Not that this is necessarily a bad thing from the perspective of either state.  For Cuba, negotiating an end to the embargo/blockade is politically unpalatable.  Moreover, it is not clear that the end of the embargo/blockade would bring benefits greater than its political costs.  For Cuba the risks of the end of isolation are great and include a loss of tight control over economy and a potential loss of control of population.  And indeed, the isolation is to some extent political rather than economic.  Remittances to Cuba from the exile community are not insignificant as a source of hard currency.  Sergio Díaz-Briquets, Remittances to Cuba:  An Update, Association for the Study of the Cuban Economy, Proceedings, Vol. 18 (2008). The United States remains a significant trading partner to Cuba.  It posted almost $500 million in sales to Cuba in 2009 and more than $700 million in 2008.  U.S. Census Bureau, Foreign Trade Statistics.  To some extent, that trade is limited not merely by politics but also by the need for most transactions with Cuba to be essentially cash based.  That "cash and carry" regime requirement is to some extent the product of necessity.  Cuba acquired a reputation for failing to pay its debts.  That made debt financing difficult, except by Cuba's significant political partners--Venezuela and China.  American indifference could be as effective a way to avoid the worst effects of an embargo/blockade as movement toward more formal elemination.  For the Americans, indifference, mostly in the form of very lax enforcement of the provisions of the embargo provide a low political cost method of easing the realities of an embargo without having to pay a political price at a time when internal American politics has again pushed issues of Cuba to the back burner.  And fears of augmented Cuban influence in the region were tested and proven somewhat overstated in the context of the Honduran constitutional crisis.  The failure of the Cuba-Venezuela alliance, even with the help of Brazil, to undo the effects of the removal of Mr.
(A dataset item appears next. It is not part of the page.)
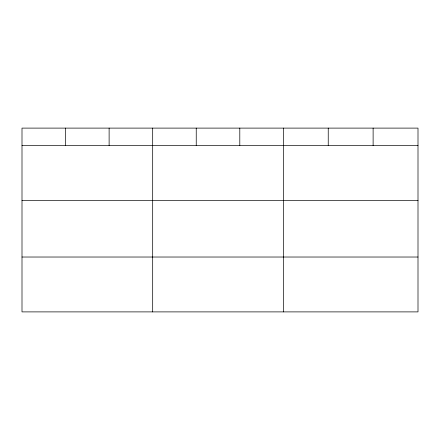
<?xml version="1.0" encoding="UTF-8"?>
<svg xmlns="http://www.w3.org/2000/svg" width="440" height="440" viewBox="0 0 440 440"><rect width="100%" height="100%" fill="white"/><g stroke="black" fill="none" stroke-linecap="round" stroke-linejoin="round"><path stroke-width="0.66" d="M418 200.497L418 128.106L22 128.106L22 311.894L418 311.894L418 200.497L22 200.497M22 145.635L418 145.635M22 257.026L418 257.026M373.12 128.106L373.12 145.635M328.24 128.106L328.24 145.635M283.36 128.106L283.36 311.894M239.8 128.106L239.8 145.635M196.24 128.106L196.24 145.635M152.68 128.106L152.68 311.894M109.12 128.106L109.12 145.635M65.56 128.106L65.56 145.635"/></g></svg>

Zelaya, suggested the real limits of Cuban power even in the region.  The measured attacks against President Obama by Cuba suggests a desire to maintain both tension and status quo, a situation not lost on the Americans.

All of that is interesting enough.  But more interesting still are the rule of law assumptions implicit in the analysis.   The suggestion, from the American side is that Cuba is not only a failed rule of law state, but a failed Marxist-Leninist rule of law state.  The assertion, made quite plainly, is that the Marxism of the Castro brothers is meant to disguise a personal dictatorship, that the cult of personality has undone the role of the Communist Party as the vanguard of the Cuban Revolution.  Recent actions in Cuba have tended to feed that perception abroad.  See Larry Catá Backer, Postponing the Cuban Communist Party Congress, Law at the End of the Day, Aug. 6, 2009.  But this is exaggerated to some extent.  Fidel Castro remains first secretary of the Cuban Communist Party, but Party organization is less institutionalized than in more mature regimes.  And that has significant repercussions. within the context of relationships framed by international law.  It, for example, played a role in the sting attached to the conditions imposed on Cuban re-entry into the OAS.  "Although the OAS lifted Cuba's suspension Wednesday, Latin American leaders did not automatically welcome the nation back. Instead, the organization set up a mechanism by which Cuba could rejoin. Much of the dialogue would have centered on human rights.Cuba Rejects OAS Membership, Officials Say, CNN, June 4, 2009.  Unable to argue coherently from either the logic of internal organization or from theories of rights, within the formalist framework of international law, Cuba sought refuge in rhetoric and a functionalist analysis. 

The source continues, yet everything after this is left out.